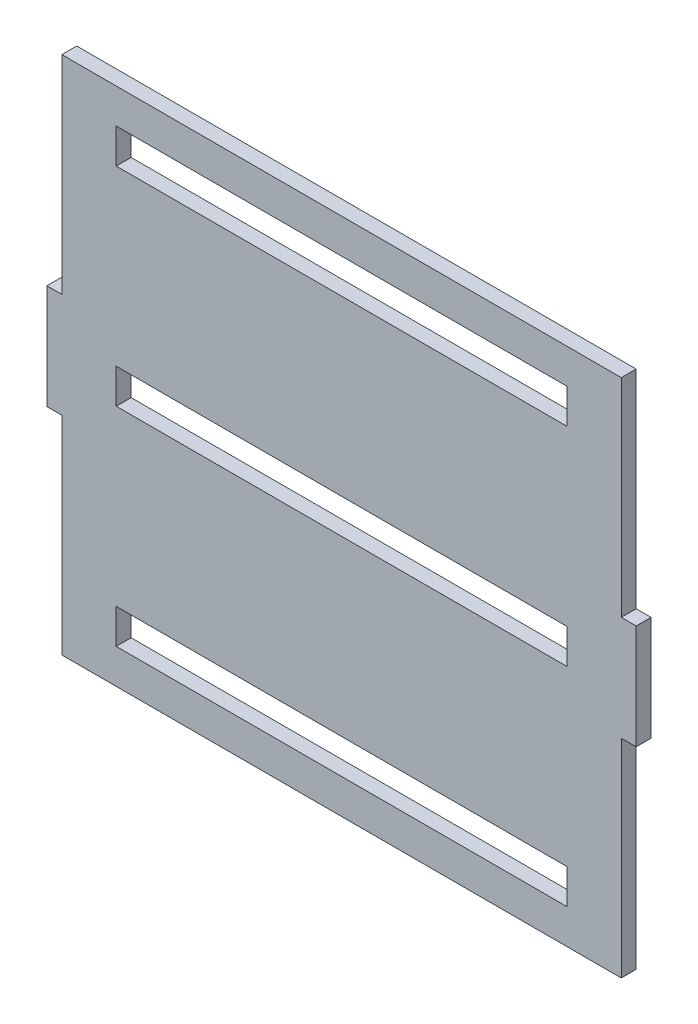
ISO-10303-21;
HEADER;
FILE_DESCRIPTION(('STEP AP214'),'2;1');
FILE_NAME('part.step','',(''),(''),'','','');
FILE_SCHEMA(('AUTOMOTIVE_DESIGN { 1 0 10303 214 1 1 1 1 }'));
ENDSEC;
DATA;
#1=APPLICATION_CONTEXT('core data for automotive mechanical design processes');
#2=APPLICATION_PROTOCOL_DEFINITION('international standard','automotive_design',2000,#1);
#3=PRODUCT_CONTEXT('',#1,'mechanical');
#4=PRODUCT('Part','Part','',(#3));
#5=PRODUCT_RELATED_PRODUCT_CATEGORY('part','',(#4));
#6=PRODUCT_DEFINITION_FORMATION('','',#4);
#7=PRODUCT_DEFINITION_CONTEXT('part definition',#1,'design');
#8=PRODUCT_DEFINITION('design','',#6,#7);
#9=PRODUCT_DEFINITION_SHAPE('','',#8);
#10=(LENGTH_UNIT() NAMED_UNIT(*) SI_UNIT(.MILLI.,.METRE.));
#11=(NAMED_UNIT(*) PLANE_ANGLE_UNIT() SI_UNIT($,.RADIAN.));
#12=(NAMED_UNIT(*) SI_UNIT($,.STERADIAN.) SOLID_ANGLE_UNIT());
#13=UNCERTAINTY_MEASURE_WITH_UNIT(LENGTH_MEASURE(1.E-05),#10,'distance_accuracy_value','');
#14=(GEOMETRIC_REPRESENTATION_CONTEXT(3) GLOBAL_UNCERTAINTY_ASSIGNED_CONTEXT((#13)) GLOBAL_UNIT_ASSIGNED_CONTEXT((#10,
#11,#12)) REPRESENTATION_CONTEXT('',''));
#15=CARTESIAN_POINT('',(0.,0.,0.));
#16=DIRECTION('',(0.,0.,1.));
#17=DIRECTION('',(1.,0.,0.));
#18=AXIS2_PLACEMENT_3D('',#15,#16,#17);
#19=CARTESIAN_POINT('',(0.,0.,4.3));
#20=DIRECTION('',(0.,0.,1.));
#21=DIRECTION('',(1.,0.,0.));
#22=AXIS2_PLACEMENT_3D('',#19,#20,#21);
#23=PLANE('',#22);
#24=DIRECTION('',(-1.,0.,0.));
#25=VECTOR('',#24,1.);
#26=CARTESIAN_POINT('',(-80.7,75.,4.3));
#27=LINE('',#26,#25);
#28=CARTESIAN_POINT('',(80.7,75.,4.3));
#29=VERTEX_POINT('',#28);
#30=CARTESIAN_POINT('',(-80.7,75.,4.3));
#31=VERTEX_POINT('',#30);
#32=EDGE_CURVE('E295',#29,#31,#27,.T.);
#33=ORIENTED_EDGE('',*,*,#32,.T.);
#34=DIRECTION('',(0.,-1.,0.));
#35=VECTOR('',#34,1.);
#36=CARTESIAN_POINT('',(-80.7,15.1,4.3));
#37=LINE('',#36,#35);
#38=CARTESIAN_POINT('',(-80.7,15.1,4.3));
#39=VERTEX_POINT('',#38);
#40=EDGE_CURVE('E298',#31,#39,#37,.T.);
#41=ORIENTED_EDGE('',*,*,#40,.T.);
#42=DIRECTION('',(-1.,0.,0.));
#43=VECTOR('',#42,1.);
#44=CARTESIAN_POINT('',(-80.7,15.1,4.3));
#45=LINE('',#44,#43);
#46=CARTESIAN_POINT('',(-85.,15.1,4.3));
#47=VERTEX_POINT('',#46);
#48=EDGE_CURVE('E301',#39,#47,#45,.T.);
#49=ORIENTED_EDGE('',*,*,#48,.T.);
#50=DIRECTION('',(0.,-1.,0.));
#51=VECTOR('',#50,1.);
#52=CARTESIAN_POINT('',(-85.,15.1,4.3));
#53=LINE('',#52,#51);
#54=CARTESIAN_POINT('',(-85.,-15.1,4.3));
#55=VERTEX_POINT('',#54);
#56=EDGE_CURVE('E303',#47,#55,#53,.T.);
#57=ORIENTED_EDGE('',*,*,#56,.T.);
#58=DIRECTION('',(1.,0.,0.));
#59=VECTOR('',#58,1.);
#60=CARTESIAN_POINT('',(-80.7,-15.1,4.3));
#61=LINE('',#60,#59);
#62=CARTESIAN_POINT('',(-80.7,-15.1,4.3));
#63=VERTEX_POINT('',#62);
#64=EDGE_CURVE('E305',#55,#63,#61,.T.);
#65=ORIENTED_EDGE('',*,*,#64,.T.);
#66=DIRECTION('',(0.,-1.,0.));
#67=VECTOR('',#66,1.);
#68=CARTESIAN_POINT('',(-80.7,-75.,4.3));
#69=LINE('',#68,#67);
#70=CARTESIAN_POINT('',(-80.7,-75.,4.3));
#71=VERTEX_POINT('',#70);
#72=EDGE_CURVE('E307',#63,#71,#69,.T.);
#73=ORIENTED_EDGE('',*,*,#72,.T.);
#74=DIRECTION('',(1.,0.,0.));
#75=VECTOR('',#74,1.);
#76=CARTESIAN_POINT('',(-80.7,-75.,4.3));
#77=LINE('',#76,#75);
#78=CARTESIAN_POINT('',(80.7,-75.,4.3));
#79=VERTEX_POINT('',#78);
#80=EDGE_CURVE('E309',#71,#79,#77,.T.);
#81=ORIENTED_EDGE('',*,*,#80,.T.);
#82=DIRECTION('',(0.,1.,0.));
#83=VECTOR('',#82,1.);
#84=CARTESIAN_POINT('',(80.7,-75.,4.3));
#85=LINE('',#84,#83);
#86=CARTESIAN_POINT('',(80.7,-15.1,4.3));
#87=VERTEX_POINT('',#86);
#88=EDGE_CURVE('E311',#79,#87,#85,.T.);
#89=ORIENTED_EDGE('',*,*,#88,.T.);
#90=DIRECTION('',(1.,0.,0.));
#91=VECTOR('',#90,1.);
#92=CARTESIAN_POINT('',(80.7,-15.1,4.3));
#93=LINE('',#92,#91);
#94=CARTESIAN_POINT('',(85.,-15.1,4.3));
#95=VERTEX_POINT('',#94);
#96=EDGE_CURVE('E313',#87,#95,#93,.T.);
#97=ORIENTED_EDGE('',*,*,#96,.T.);
#98=DIRECTION('',(0.,1.,0.));
#99=VECTOR('',#98,1.);
#100=CARTESIAN_POINT('',(85.,15.1,4.3));
#101=LINE('',#100,#99);
#102=CARTESIAN_POINT('',(85.,15.1,4.3));
#103=VERTEX_POINT('',#102);
#104=EDGE_CURVE('E315',#95,#103,#101,.T.);
#105=ORIENTED_EDGE('',*,*,#104,.T.);
#106=DIRECTION('',(-1.,0.,0.));
#107=VECTOR('',#106,1.);
#108=CARTESIAN_POINT('',(80.7,15.1,4.3));
#109=LINE('',#108,#107);
#110=CARTESIAN_POINT('',(80.7,15.1,4.3));
#111=VERTEX_POINT('',#110);
#112=EDGE_CURVE('E317',#103,#111,#109,.T.);
#113=ORIENTED_EDGE('',*,*,#112,.T.);
#114=DIRECTION('',(0.,1.,0.));
#115=VECTOR('',#114,1.);
#116=CARTESIAN_POINT('',(80.7,15.1,4.3));
#117=LINE('',#116,#115);
#118=EDGE_CURVE('E319',#111,#29,#117,.T.);
#119=ORIENTED_EDGE('',*,*,#118,.T.);
#120=EDGE_LOOP('',(#33,#41,#49,#57,#65,#73,#81,#89,#97,#105,#113,#119));
#121=FACE_BOUND('',#120,.T.);
#122=DIRECTION('',(1.,0.,0.));
#123=VECTOR('',#122,1.);
#124=CARTESIAN_POINT('',(-65.,55.,4.3));
#125=LINE('',#124,#123);
#126=CARTESIAN_POINT('',(-65.,55.,4.3));
#127=VERTEX_POINT('',#126);
#128=CARTESIAN_POINT('',(65.,55.,4.3));
#129=VERTEX_POINT('',#128);
#130=EDGE_CURVE('E266',#127,#129,#125,.T.);
#131=ORIENTED_EDGE('',*,*,#130,.F.);
#132=DIRECTION('',(0.,-1.,0.));
#133=VECTOR('',#132,1.);
#134=CARTESIAN_POINT('',(-65.,65.,4.3));
#135=LINE('',#134,#133);
#136=CARTESIAN_POINT('',(-65.,65.,4.3));
#137=VERTEX_POINT('',#136);
#138=EDGE_CURVE('E264',#137,#127,#135,.T.);
#139=ORIENTED_EDGE('',*,*,#138,.F.);
#140=DIRECTION('',(-1.,0.,0.));
#141=VECTOR('',#140,1.);
#142=CARTESIAN_POINT('',(-65.,65.,4.3));
#143=LINE('',#142,#141);
#144=CARTESIAN_POINT('',(65.,65.,4.3));
#145=VERTEX_POINT('',#144);
#146=EDGE_CURVE('E272',#145,#137,#143,.T.);
#147=ORIENTED_EDGE('',*,*,#146,.F.);
#148=DIRECTION('',(0.,1.,0.));
#149=VECTOR('',#148,1.);
#150=CARTESIAN_POINT('',(65.,65.,4.3));
#151=LINE('',#150,#149);
#152=EDGE_CURVE('E269',#129,#145,#151,.T.);
#153=ORIENTED_EDGE('',*,*,#152,.F.);
#154=EDGE_LOOP('',(#131,#139,#147,#153));
#155=FACE_BOUND('',#154,.T.);
#156=DIRECTION('',(1.,0.,0.));
#157=VECTOR('',#156,1.);
#158=CARTESIAN_POINT('',(-65.,-5.,4.3));
#159=LINE('',#158,#157);
#160=CARTESIAN_POINT('',(-65.,-5.,4.3));
#161=VERTEX_POINT('',#160);
#162=CARTESIAN_POINT('',(65.,-4.99999999999999,4.3));
#163=VERTEX_POINT('',#162);
#164=EDGE_CURVE('E235',#161,#163,#159,.T.);
#165=ORIENTED_EDGE('',*,*,#164,.F.);
#166=DIRECTION('',(0.,-1.,0.));
#167=VECTOR('',#166,1.);
#168=CARTESIAN_POINT('',(-65.,-5.,4.3));
#169=LINE('',#168,#167);
#170=CARTESIAN_POINT('',(-65.,5.,4.3));
#171=VERTEX_POINT('',#170);
#172=EDGE_CURVE('E233',#171,#161,#169,.T.);
#173=ORIENTED_EDGE('',*,*,#172,.F.);
#174=DIRECTION('',(-1.,0.,0.));
#175=VECTOR('',#174,1.);
#176=CARTESIAN_POINT('',(-65.,5.,4.3));
#177=LINE('',#176,#175);
#178=CARTESIAN_POINT('',(65.,5.00000000000001,4.3));
#179=VERTEX_POINT('',#178);
#180=EDGE_CURVE('E241',#179,#171,#177,.T.);
#181=ORIENTED_EDGE('',*,*,#180,.F.);
#182=DIRECTION('',(0.,1.,0.));
#183=VECTOR('',#182,1.);
#184=CARTESIAN_POINT('',(65.,-4.99999999999999,4.3));
#185=LINE('',#184,#183);
#186=EDGE_CURVE('E238',#163,#179,#185,.T.);
#187=ORIENTED_EDGE('',*,*,#186,.F.);
#188=EDGE_LOOP('',(#165,#173,#181,#187));
#189=FACE_BOUND('',#188,.T.);
#190=DIRECTION('',(1.,0.,0.));
#191=VECTOR('',#190,1.);
#192=CARTESIAN_POINT('',(-65.,-65.,4.3));
#193=LINE('',#192,#191);
#194=CARTESIAN_POINT('',(-65.,-65.,4.3));
#195=VERTEX_POINT('',#194);
#196=CARTESIAN_POINT('',(65.,-65.,4.3));
#197=VERTEX_POINT('',#196);
#198=EDGE_CURVE('E205',#195,#197,#193,.T.);
#199=ORIENTED_EDGE('',*,*,#198,.F.);
#200=DIRECTION('',(0.,-1.,0.));
#201=VECTOR('',#200,1.);
#202=CARTESIAN_POINT('',(-65.,-65.,4.3));
#203=LINE('',#202,#201);
#204=CARTESIAN_POINT('',(-65.,-55.,4.3));
#205=VERTEX_POINT('',#204);
#206=EDGE_CURVE('E197',#205,#195,#203,.T.);
#207=ORIENTED_EDGE('',*,*,#206,.F.);
#208=DIRECTION('',(-1.,0.,0.));
#209=VECTOR('',#208,1.);
#210=CARTESIAN_POINT('',(-65.,-55.,4.3));
#211=LINE('',#210,#209);
#212=CARTESIAN_POINT('',(65.,-55.,4.3));
#213=VERTEX_POINT('',#212);
#214=EDGE_CURVE('E219',#213,#205,#211,.T.);
#215=ORIENTED_EDGE('',*,*,#214,.F.);
#216=DIRECTION('',(0.,1.,0.));
#217=VECTOR('',#216,1.);
#218=CARTESIAN_POINT('',(65.,-65.,4.3));
#219=LINE('',#218,#217);
#220=EDGE_CURVE('E217',#197,#213,#219,.T.);
#221=ORIENTED_EDGE('',*,*,#220,.F.);
#222=EDGE_LOOP('',(#199,#207,#215,#221));
#223=FACE_BOUND('',#222,.T.);
#224=ADVANCED_FACE('F36',(#121,#155,#189,#223),#23,.T.);
#225=CARTESIAN_POINT('',(0.,0.,0.));
#226=DIRECTION('',(0.,0.,1.));
#227=DIRECTION('',(1.,0.,0.));
#228=AXIS2_PLACEMENT_3D('',#225,#226,#227);
#229=PLANE('',#228);
#230=DIRECTION('',(0.,-1.,0.));
#231=VECTOR('',#230,1.);
#232=CARTESIAN_POINT('',(-65.,-5.,0.));
#233=LINE('',#232,#231);
#234=CARTESIAN_POINT('',(-65.,5.,0.));
#235=VERTEX_POINT('',#234);
#236=CARTESIAN_POINT('',(-65.,-5.,0.));
#237=VERTEX_POINT('',#236);
#238=EDGE_CURVE('E213',#235,#237,#233,.T.);
#239=ORIENTED_EDGE('',*,*,#238,.T.);
#240=DIRECTION('',(1.,0.,0.));
#241=VECTOR('',#240,1.);
#242=CARTESIAN_POINT('',(-65.,-5.,0.));
#243=LINE('',#242,#241);
#244=CARTESIAN_POINT('',(65.,-4.99999999999999,0.));
#245=VERTEX_POINT('',#244);
#246=EDGE_CURVE('E246',#237,#245,#243,.T.);
#247=ORIENTED_EDGE('',*,*,#246,.T.);
#248=DIRECTION('',(0.,1.,0.));
#249=VECTOR('',#248,1.);
#250=CARTESIAN_POINT('',(65.,-4.99999999999999,0.));
#251=LINE('',#250,#249);
#252=CARTESIAN_POINT('',(65.,5.00000000000001,0.));
#253=VERTEX_POINT('',#252);
#254=EDGE_CURVE('E249',#245,#253,#251,.T.);
#255=ORIENTED_EDGE('',*,*,#254,.T.);
#256=DIRECTION('',(-1.,0.,0.));
#257=VECTOR('',#256,1.);
#258=CARTESIAN_POINT('',(-65.,5.,0.));
#259=LINE('',#258,#257);
#260=EDGE_CURVE('E236',#253,#235,#259,.T.);
#261=ORIENTED_EDGE('',*,*,#260,.T.);
#262=EDGE_LOOP('',(#239,#247,#255,#261));
#263=FACE_BOUND('',#262,.T.);
#264=DIRECTION('',(-1.,0.,0.));
#265=VECTOR('',#264,1.);
#266=CARTESIAN_POINT('',(-80.7,75.,0.));
#267=LINE('',#266,#265);
#268=CARTESIAN_POINT('',(80.7,75.,0.));
#269=VERTEX_POINT('',#268);
#270=CARTESIAN_POINT('',(-80.7,75.,0.));
#271=VERTEX_POINT('',#270);
#272=EDGE_CURVE('E294',#269,#271,#267,.T.);
#273=ORIENTED_EDGE('',*,*,#272,.F.);
#274=DIRECTION('',(0.,1.,0.));
#275=VECTOR('',#274,1.);
#276=CARTESIAN_POINT('',(80.7,15.1,0.));
#277=LINE('',#276,#275);
#278=CARTESIAN_POINT('',(80.7,15.1,0.));
#279=VERTEX_POINT('',#278);
#280=EDGE_CURVE('E299',#279,#269,#277,.T.);
#281=ORIENTED_EDGE('',*,*,#280,.F.);
#282=DIRECTION('',(-1.,0.,0.));
#283=VECTOR('',#282,1.);
#284=CARTESIAN_POINT('',(80.7,15.1,0.));
#285=LINE('',#284,#283);
#286=CARTESIAN_POINT('',(85.,15.1,0.));
#287=VERTEX_POINT('',#286);
#288=EDGE_CURVE('E342',#287,#279,#285,.T.);
#289=ORIENTED_EDGE('',*,*,#288,.F.);
#290=DIRECTION('',(0.,1.,0.));
#291=VECTOR('',#290,1.);
#292=CARTESIAN_POINT('',(85.,15.1,0.));
#293=LINE('',#292,#291);
#294=CARTESIAN_POINT('',(85.,-15.1,0.));
#295=VERTEX_POINT('',#294);
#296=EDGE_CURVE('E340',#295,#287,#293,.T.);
+===+
• **TASK DIRECTIONS**
Could you transcribe the entries above word for word, from the line with "#74=DIRECTION('',(1.,0.,0.));" down to the line with "#81=ORIENTED_EDGE('',*,*,#80,.T.);", keeping both?

• **WRITTEN RESPONSE**
#74=DIRECTION('',(1.,0.,0.));
#75=VECTOR('',#74,1.);
#76=CARTESIAN_POINT('',(-80.7,-75.,4.3));
#77=LINE('',#76,#75);
#78=CARTESIAN_POINT('',(80.7,-75.,4.3));
#79=VERTEX_POINT('',#78);
#80=EDGE_CURVE('E309',#71,#79,#77,.T.);
#81=ORIENTED_EDGE('',*,*,#80,.T.);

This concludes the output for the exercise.